A 64-year-old male presents with acute encephalopathy and upon further evaluation, he was found to have lymphadenopathy in the neck and parotid region. Subsequent lumbar puncture (LP) revealed the presence of blast cells in the CSF concerning for leukemic meningitis. A lymph node biopsy was consistent with CD5 positive DLBCL. He was started on chemotherapy with Hyper-CVAD and intrathecal methotrexate, improving his clinical condition but he was lost to follow up.
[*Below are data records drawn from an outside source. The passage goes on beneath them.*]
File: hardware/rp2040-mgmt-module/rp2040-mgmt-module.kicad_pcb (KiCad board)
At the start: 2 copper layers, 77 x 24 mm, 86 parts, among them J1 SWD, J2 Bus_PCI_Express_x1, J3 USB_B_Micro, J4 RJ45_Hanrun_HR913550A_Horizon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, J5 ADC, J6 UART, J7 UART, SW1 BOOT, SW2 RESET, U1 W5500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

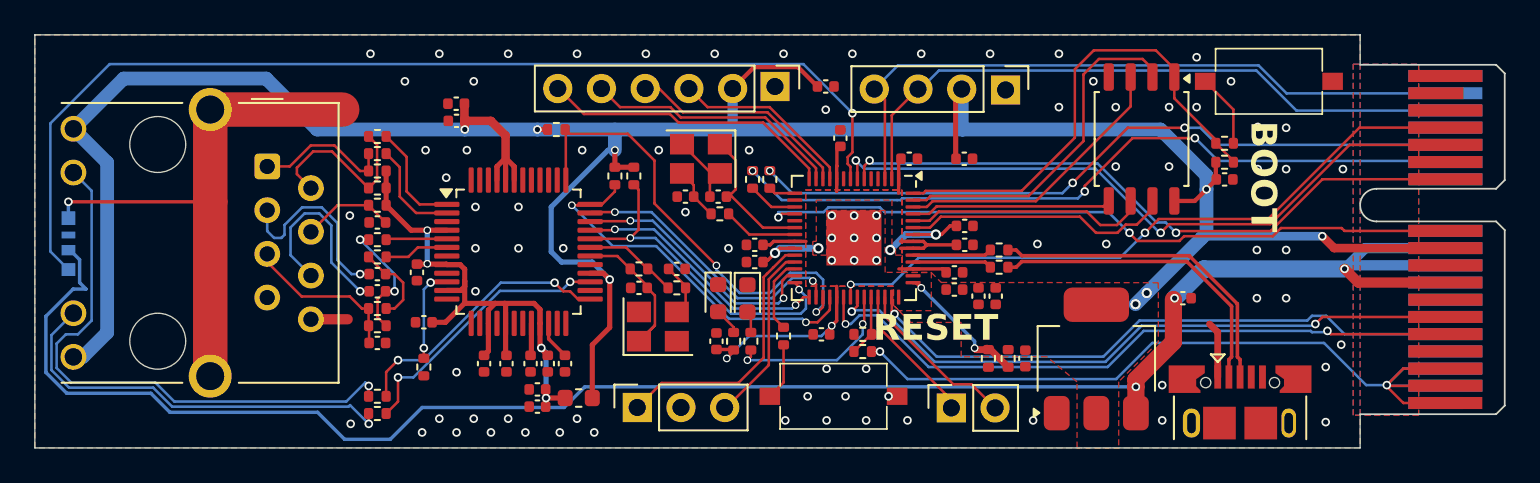
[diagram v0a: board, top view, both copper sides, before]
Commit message: fix: can't forget the pull-ups
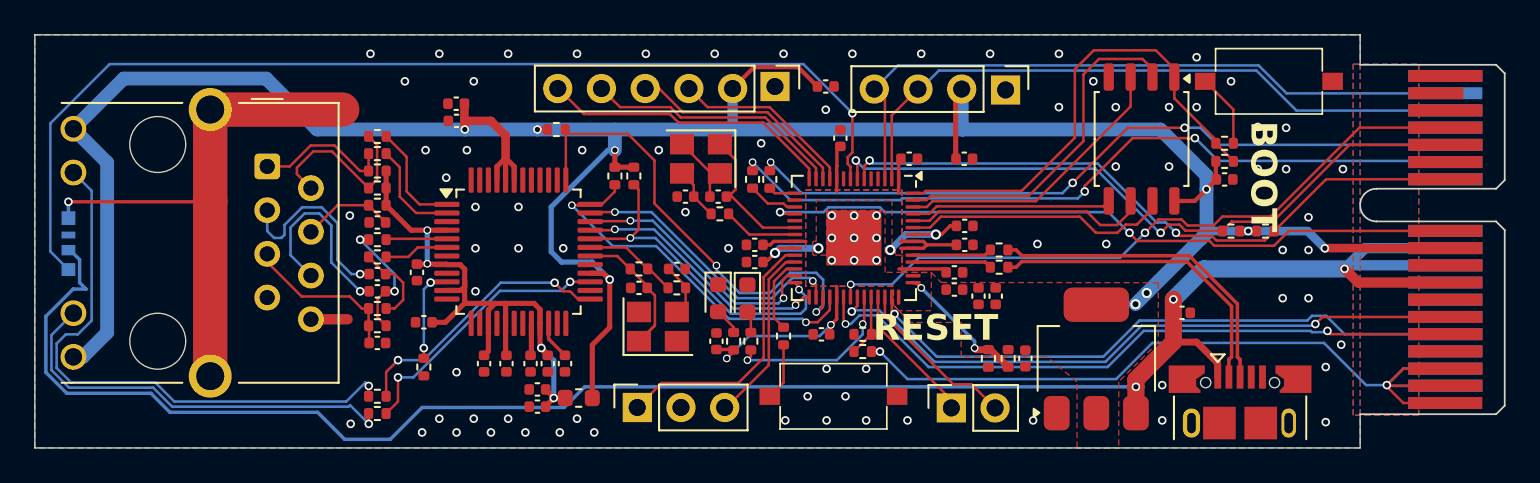
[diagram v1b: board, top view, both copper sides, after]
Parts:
- added R32: 4.7K, Resistor_SMD:R_0402_1005Metric, F.Cu at (119.5, 58.4)
- added R33: 4.7K, Resistor_SMD:R_0402_1005Metric, F.Cu at (117.5, 58.4)
- moved C19 0.85 mm to (114.7, 63.1)
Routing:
- net +3.3V: track 184.8 -> 186.0 mm, vias 10 -> 11
- net +5V: track 115.0 -> 115.8 mm
- net /DIO: track 43.2 -> 43.9 mm
- net /CLK: track 41.8 -> 42.4 mm

Diffuse large B-cell lymphoma (DLBCL) is the most common type of non-Hodgkin lymphoma (NHL). Diagnosis is based on symptoms and excisional lymph node biopsy with immunotyping. It is extremely important to have a lymph node biopsy if suspicious for lymphoma because of its aggressive nature. Indicators for such include CD5 positivity and extranodal involvement. The risk factors for CNS involvement in DLBCL include high International Prognostic Index (IPI) score, bone marrow involvement, and extranodal involvement such as bone, lung and testis. The purpose of the report is to emphasize the importance of ruling out lymphoma when diffuse lymphadenopathy is present in the setting of encephalopathy; the potential of aggressive behavior of this disease including involvement of the CNS; and discussing the overall social determinants of health for this patient resulting in delayed diagnosis and lack of an optimal treatment plan to be carried out.
一例64岁男性急性脑病的奇怪病例
64岁男性,急性脑病,经进一步评估,发现颈部和腮腺区有淋巴结病。随后的腰椎穿刺(LP)显示脑脊液中存在与白血病性脑膜炎有关的母细胞。淋巴结活检符合CD5阳性DLBCL。他开始接受Hyper-CVAD和鞘内甲氨蝶呤化疗,临床状况有所改善,但未能随访。弥漫性大b细胞淋巴瘤(DLBCL)是最常见的非霍奇金淋巴瘤(NHL)类型。诊断是基于症状和切除淋巴结活检与免疫分型。由于其侵袭性,如果怀疑淋巴瘤,进行淋巴结活检是非常重要的。其指标包括CD5阳性和结外受累。DLBCL中中枢神经系统受累的危险因素包括高国际预后指数(IPI)评分、骨髓受累和结外受累,如骨、肺和睾丸。该报告的目的是强调在脑病的背景下,当弥漫性淋巴结病变存在时,排除淋巴瘤的重要性;这种疾病的潜在攻击行为,包括累及中枢神经系统;并讨论该患者健康的整体社会决定因素,导致延误诊断和缺乏最佳治疗计划。
本文章由计算机程序翻译,如有差异,请以英文原文为准。